Lorentz factor, rest length, moving length


Mathematical verification according to the guidelines emphasized in the original paper of the theory of special relativity (the TSR) published in 1905 shows that the TSR forces the appearance of c=0 for speed of light. Such an outcome can only suggest that the TSR rejects its own second postulate, the absolute lifeline of the TSR. Rejecting this lifeline, the TSR must end up as being self-refuted. The TSR fundamentally relies on the following equation set for its calculation development: Advocating its second postulate, the TSR conceives the following two equations indifferently representing the same single and only light sphere in space for its entire derivation if the sphere is created at where the origin of the two frames meets, i.e. x=x’=0 at time t=t’=0: x^2+y^2+z^2=(ct)^2 and x'^2+y'^2+z'^2=(ct')^2. As such, these two equations must further require that the observer on each of the frame necessarily sees the center of the light sphere permanently coincide with the origin of his own frame. Now, a question inevitably surfaces up: What enables the coinciding seen by each observer to continue for all time t >0 and t’ >0 if the two origins must move away from each other at a nonzero speed v?


Jan Zwarts(Netherlands):
You want to show a violation you have put in yourself ? That works very well of course.
You put x=0 and x'=ct' in equation 5a: x'= a11(x-vt), where you have not even solved a11.
This violates postulate 2 because for x'=ct' you must have x=ct in 5a.

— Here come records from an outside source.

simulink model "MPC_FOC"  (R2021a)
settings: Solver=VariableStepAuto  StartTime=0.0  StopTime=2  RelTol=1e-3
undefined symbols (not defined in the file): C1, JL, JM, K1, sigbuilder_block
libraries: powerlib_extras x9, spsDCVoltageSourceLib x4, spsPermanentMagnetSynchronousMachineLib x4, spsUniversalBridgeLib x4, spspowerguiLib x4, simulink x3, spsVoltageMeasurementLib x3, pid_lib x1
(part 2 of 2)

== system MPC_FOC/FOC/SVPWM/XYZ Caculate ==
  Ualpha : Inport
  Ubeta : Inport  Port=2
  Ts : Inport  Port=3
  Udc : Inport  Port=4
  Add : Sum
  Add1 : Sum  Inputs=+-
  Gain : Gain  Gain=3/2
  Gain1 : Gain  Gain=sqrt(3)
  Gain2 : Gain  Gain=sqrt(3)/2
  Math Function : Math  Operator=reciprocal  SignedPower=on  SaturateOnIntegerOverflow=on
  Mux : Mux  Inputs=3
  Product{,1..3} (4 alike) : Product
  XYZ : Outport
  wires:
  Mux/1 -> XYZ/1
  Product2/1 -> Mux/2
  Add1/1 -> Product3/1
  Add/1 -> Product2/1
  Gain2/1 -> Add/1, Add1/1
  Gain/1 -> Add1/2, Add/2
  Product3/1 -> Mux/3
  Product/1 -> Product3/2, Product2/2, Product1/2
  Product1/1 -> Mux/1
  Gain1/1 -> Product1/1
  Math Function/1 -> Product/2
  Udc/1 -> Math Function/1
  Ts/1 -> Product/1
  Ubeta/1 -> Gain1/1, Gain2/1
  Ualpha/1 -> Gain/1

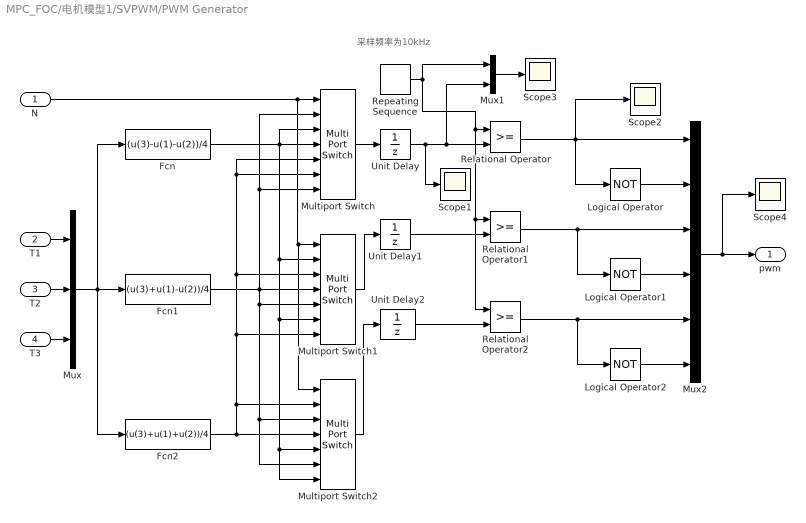
== system MPC_FOC/电机模型1/SVPWM/PWM Generator ==
  note: 采样频率为10kHz
  N : Inport
  T1 : Inport  Port=2
  T2 : Inport  Port=3
  T3 : Inport  Port=4
  Fcn : Fcn  Expr=(u(3)-u(1)-u(2))/4
  Fcn1 : Fcn  Expr=(u(3)+u(1)-u(2))/4
  Fcn2 : Fcn  Expr=(u(3)+u(1)+u(2))/4
  Logical Operator : Logic  Operator=NOT  AllPortsSameDT=off  OutDataTypeStr=boolean
  Logical Operator1 : Logic  Operator=NOT  AllPortsSameDT=off  OutDataTypeStr=boolean
  Logical Operator2 : Logic  Operator=NOT  AllPortsSameDT=off  OutDataTypeStr=boolean
  Multiport Switch : MultiPortSwitch  Inputs=6  DiagnosticForDefault=None
  Multiport Switch1 : MultiPortSwitch  Inputs=6  DiagnosticForDefault=None
  Multiport Switch2 : MultiPortSwitch  Inputs=6  DiagnosticForDefault=None
  Mux : Mux  Inputs=3
  Mux1 : Mux  Inputs=2
  Mux2 : Mux  Inputs=6
  Relational Operator : RelationalOperator  OutDataTypeStr=boolean  RndMeth=Nearest
  Relational Operator1 : RelationalOperator  OutDataTypeStr=boolean  RndMeth=Nearest
  Relational Operator2 : RelationalOperator  OutDataTypeStr=boolean  RndMeth=Nearest
  Repeating Sequence : simulink/Sources/Repeating Sequence  rep_seq_t=[0 0.00005 0.0001]  rep_seq_y=[0 0.00005 0]
  Scope{1..4} (4 alike) : Scope
  Unit Delay : UnitDelay  SampleTime=0.0001  HasFrameUpgradeWarning=on
  Unit Delay1 : UnitDelay  SampleTime=0.0001  HasFrameUpgradeWarning=on
  Unit Delay2 : UnitDelay  SampleTime=0.0001  HasFrameUpgradeWarning=on
  pwm : Outport
  wires:
  T2/1 -> Mux/2
  T1/1 -> Mux/1
  T3/1 -> Mux/3
  Mux/1 -> Fcn/1, Fcn1/1, Fcn2/1
  N/1 -> Multiport Switch2/1, Multiport Switch1/1, Multiport Switch/1
  Fcn/1 -> Multiport Switch2/7, Multiport Switch2/5, Multiport Switch1/6, Multiport Switch1/2, Multiport Switch/4, Multiport Switch/3
  Fcn1/1 -> Multiport Switch/7, Multiport Switch/2, Multiport Switch2/6, Multiport Switch2/3, Multiport Switch1/5, Multiport Switch1/4
  Fcn2/1 -> Multiport Switch2/4, Multiport Switch2/2, Multiport Switch1/7, Multiport Switch1/3, Multiport Switch/6, Multiport Switch/5
  Repeating Sequence/1 -> Mux1/1, Relational Operator2/1, Relational Operator1/1, Relational Operator/1
  Relational Operator/1 -> Scope2/1, Logical Operator/1, Mux2/1
  Relational Operator1/1 -> Logical Operator1/1, Mux2/3
  Relational Operator2/1 -> Logical Operator2/1, Mux2/5
  Logical Operator/1 -> Mux2/2
  Logical Operator1/1 -> Mux2/4
  Logical Operator2/1 -> Mux2/6
  Mux2/1 -> Scope4/1, pwm/1
  Multiport Switch1/1 -> Unit Delay1/1
  Multiport Switch2/1 -> Unit Delay2/1
  Multiport Switch/1 -> Unit Delay/1
  Mux1/1 -> Scope3/1
  Unit Delay/1 -> Mux1/2, Relational Operator/2, Scope1/1
  Unit Delay1/1 -> Relational Operator1/2
  Unit Delay2/1 -> Relational Operator2/2

== system MPC_FOC/电机模型1/SVPWM/Sector Caculate ==
  Ualpha : Inport
  "Ubeta " : Inport  Port=2
  Add : Sum  Inputs=+++
  Add1 : Sum  Inputs=+-
  Add2 : Sum  Inputs=--
  Constant : Constant
  Constant1 : Constant  Value=0
  Constant2 : Constant  Value=3/4
  Gain : Gain  Gain=4
  Gain1 : Gain  Gain=2
  Gain2 : Gain  Gain=0.5
  Product : Product
  Sqrt : Sqrt  SaturateOnIntegerOverflow=on
  Switch : Switch  Criteria=u2 > Threshold
  Switch1 : Switch  Criteria=u2 > Threshold
  Switch2 : Switch  Criteria=u2 > Threshold
  N : Outport
  wires:
  Ualpha/1 -> Product/1
  "Ubeta "/1 -> Switch/2, Gain2/1
  Add1/1 -> Switch1/2
  Add2/1 -> Switch2/2
  Constant/1 -> Switch/1, Switch1/1, Switch2/1
  Constant1/1 -> Switch2/3, Switch1/3, Switch/3
  Add/1 -> N/1
  Gain1/1 -> Add/2
  Gain/1 -> Add/3
  Switch2/1 -> Gain/1
  Switch1/1 -> Gain1/1
  Switch/1 -> Add/1
  Constant2/1 -> Sqrt/1
  Sqrt/1 -> Product/2
  Product/1 -> Add2/1, Add1/1
  Gain2/1 -> Add1/2, Add2/2

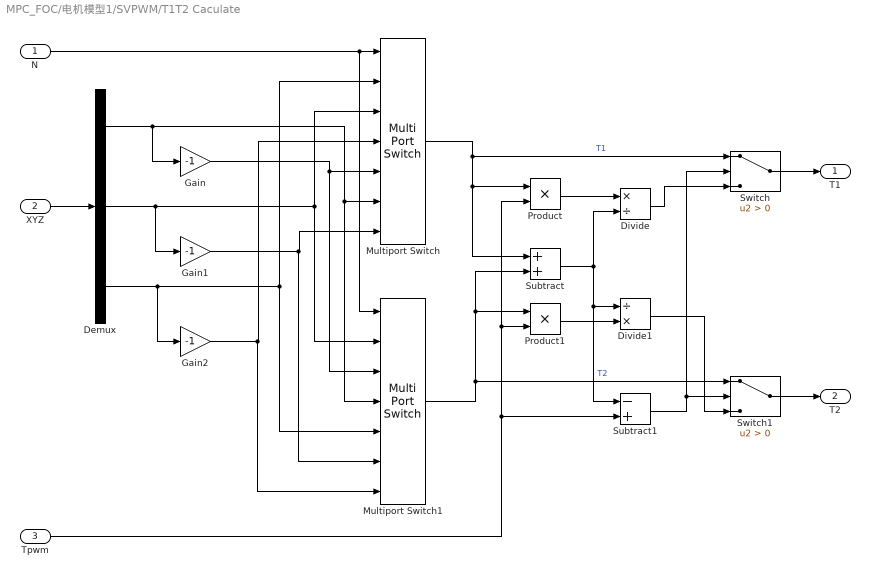
== system MPC_FOC/电机模型1/SVPWM/T1T2 Caculate ==
  N : Inport
  XYZ : Inport  Port=2
  Tpwm : Inport  Port=3
  Demux : Demux  Outputs=3
  Divide : Product  Inputs=*/
  Divide1 : Product  Inputs=/*
  Gain : Gain  Gain=-1
  Gain1 : Gain  Gain=-1
  Gain2 : Gain  Gain=-1
  Multiport Switch : MultiPortSwitch  Inputs=6  DiagnosticForDefault=None
  Multiport Switch1 : MultiPortSwitch  Inputs=6  DiagnosticForDefault=None
  Product : Product
  Product1 : Product
  Subtract : Sum
  Subtract1 : Sum  Inputs=-+
  Switch : Switch  Criteria=u2 > Threshold
  Switch1 : Switch  Criteria=u2 > Threshold
  "T1 " : Outport
  T2 : Outport  Port=2
  wires:
  N/1 -> Multiport Switch1/1, Multiport Switch/1
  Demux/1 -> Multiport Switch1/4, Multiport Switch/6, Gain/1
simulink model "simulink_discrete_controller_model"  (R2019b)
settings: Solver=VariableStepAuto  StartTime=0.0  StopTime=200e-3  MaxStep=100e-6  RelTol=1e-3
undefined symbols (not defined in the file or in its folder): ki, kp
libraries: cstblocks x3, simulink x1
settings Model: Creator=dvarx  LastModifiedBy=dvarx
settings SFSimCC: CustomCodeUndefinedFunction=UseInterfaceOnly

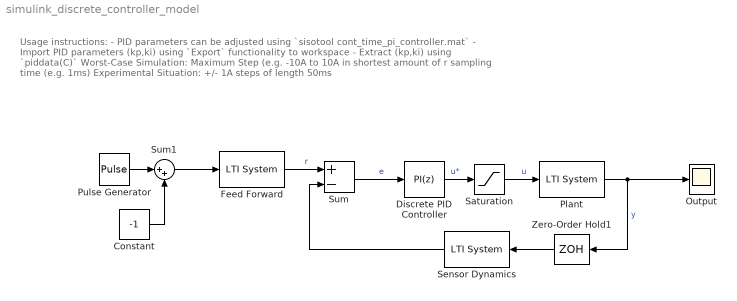
== system simulink_discrete_controller_model ==
  note: Usage instructions:
      |
      | - PID parameters can be adjusted using `sisotool cont_time_pi_controller.mat`
      | - Import PID parameters (kp,ki) using `Export` functionality to workspace
      | - Extract (kp,ki) using `piddata(C)`
      |
      | Worst-Case Simulation: Maximum Step (e.g. -10A to 10A in shortest amount of r sampling time (e.g. 1ms)
      | Experimental Situation: +/- 1A steps of length 50ms
  Constant : Constant  Value=-1
  Discrete PID Controller : simulink/Continuous/PID Controller  Controller=PI  Form=Parallel  TimeDomain=Discrete-time  SampleTime=-1  IntegratorMethod=Forward Euler  FilterMethod=Forward Euler  ControllerParametersSource=internal  P=kp  I=ki  D=0  UseFilter=on  N=100  TunerSelectOption=Transfer Function Based (PID Tuner App)  InitialConditionSource=internal  InitialConditionForIntegrator=0  InitialConditionForFilter=0  DifferentiatorICPrevScaledInput=0  ExternalReset=none  TrackingMode=off  Kt=1  LimitOutput=off  UpperSaturationLimit=inf  LowerSaturationLimit=-inf  LinearizeAsGain=off  AntiWindupMode=none  Kb=1  POutMin=[]  POutMax=[]  IOutMin=[]  IOutMax=[]  DOutMin=[]  DOutMax=[]  NOutMin=[]  NOutMax=[]  SumOutMin=[]  SumOutMax=[]  SaturationOutMin=[]  SaturationOutMax=[]  PParamMin=[]  PParamMax=[]  IParamMin=[]  IParamMax=[]  DParamMin=[]  DParamMax=[]  NParamMin=[]  NParamMax=[]  KbParamMin=[]  KbParamMax=[]  KtParamMin=[]  KtParamMax=[]  KbOutMin=[]  KbOutMax=[]  KtOutMin=[]  KtOutMax=[]  IntegratorOutMin=[]  IntegratorOutMax=[]  FilterOutMin=[]  FilterOutMax=[]  SumI1OutMin=[]  SumI1OutMax=[]  SumI2OutMin=[]  SumI2OutMax=[]  SumI3OutMin=[]  SumI3OutMax=[]  SumI4OutMin=[]  SumI4OutMax=[]  SumDOutMin=[]  SumDOutMax=[]  DifferentiatorOutMin=[]  DifferentiatorOutMax=[]  FilterDiffOutCoefMin=[]  FilterDiffOutCoefMax=[]  ReciprocalOutMin=[]  ReciprocalOutMax=[]  SumDenOutMin=[]  SumDenOutMax=[]  SumNumOutMin=[]  SumNumOutMax=[]  DivideOutMin=[]  DivideOutMax=[]  IntegratorContinuousStateAttributes=''  IntegratorStateMustResolveToSignalObject=off  IntegratorRTWStateStorageClass=Auto  FilterContinuousStateAttributes=''  FilterStateMustResolveToSignalObject=off  FilterRTWStateStorageClass=Auto  ParallelPVariant=InternalParameters  IdealPVariant=Disabled  IVariant=InternalParameters  DVariant=Disabled  IntegratorVariant=Discrete  SatVariant=Disabled  AWVariant=Passthrough  PCopyVariant=Disabled  TRVariant=Disabled  FdbkBlocksVariant=Forward  IdealPFdbkVariant=Disabled  SatFdbkVariant=Disabled  DerivativeFilterVariant=Disabled  NVariant=Disabled  NCopyVariant=Disabled_SignalSpec  FilterICVariant=Disabled  IntegratorICVariant=InternalICs  ExternalResetVariant=Disabled  TRSumVariant=Passthrough  SumFdbkVariant=Disabled  SumVariant=Sum_PI
  Feed Forward : cstblocks/LTI System  sys=F  IC=[]
  Output : Scope
  Plant : cstblocks/LTI System  sys=G  IC=[]
  Pulse Generator : DiscretePulseGenerator  PulseType=Time based  Amplitude=2  Period=50e-3  PulseWidth=50
  Saturation : Saturate  UpperLimit=30  LowerLimit=-30
  Sensor Dynamics : cstblocks/LTI System  sys=H  IC=[]
  Sum : Sum  Inputs=+-  SaturateOnIntegerOverflow=on  InputSameDT=on  OutDataTypeStr=Inherit: Same as first input
  Sum1 : Sum  Inputs=|++
  Zero-Order Hold1 : ZeroOrderHold  SampleTime=200e-6
  wires:
  Feed Forward/1 -> Sum/1  "r"
  Sensor Dynamics/1 -> Sum/2
  Sum/1 -> Discrete PID Controller/1  "e"
  Plant/1 -> Zero-Order Hold1/1, Output/1  "y"
  Zero-Order Hold1/1 -> Sensor Dynamics/1
  Discrete PID Controller/1 -> Saturation/1  "u*"
  Saturation/1 -> Plant/1  "u"
  Sum1/1 -> Feed Forward/1
  Pulse Generator/1 -> Sum1/1
  Constant/1 -> Sum1/2

Your equations (8) and (9) are also wrong. In two ways:
You assume that the t's are the same which is not the case according to eq.RE-A and eq.RE-B.
And r'+ and r'- are not in the X observer's frame.

And in (11) you use the Lorentz factor you have not even derived yet in your paper.

Posted: January 23, 2020 @ 4:42:04 pm
Jan Zwarts(Netherlands):
I did not replace 5c and 5d by x=0 but by the condition [5c <==> 5d] (= postulate 2).
In eq. 13 you have the combination x=0 and x'=ct'. This is a violation of postulate 2.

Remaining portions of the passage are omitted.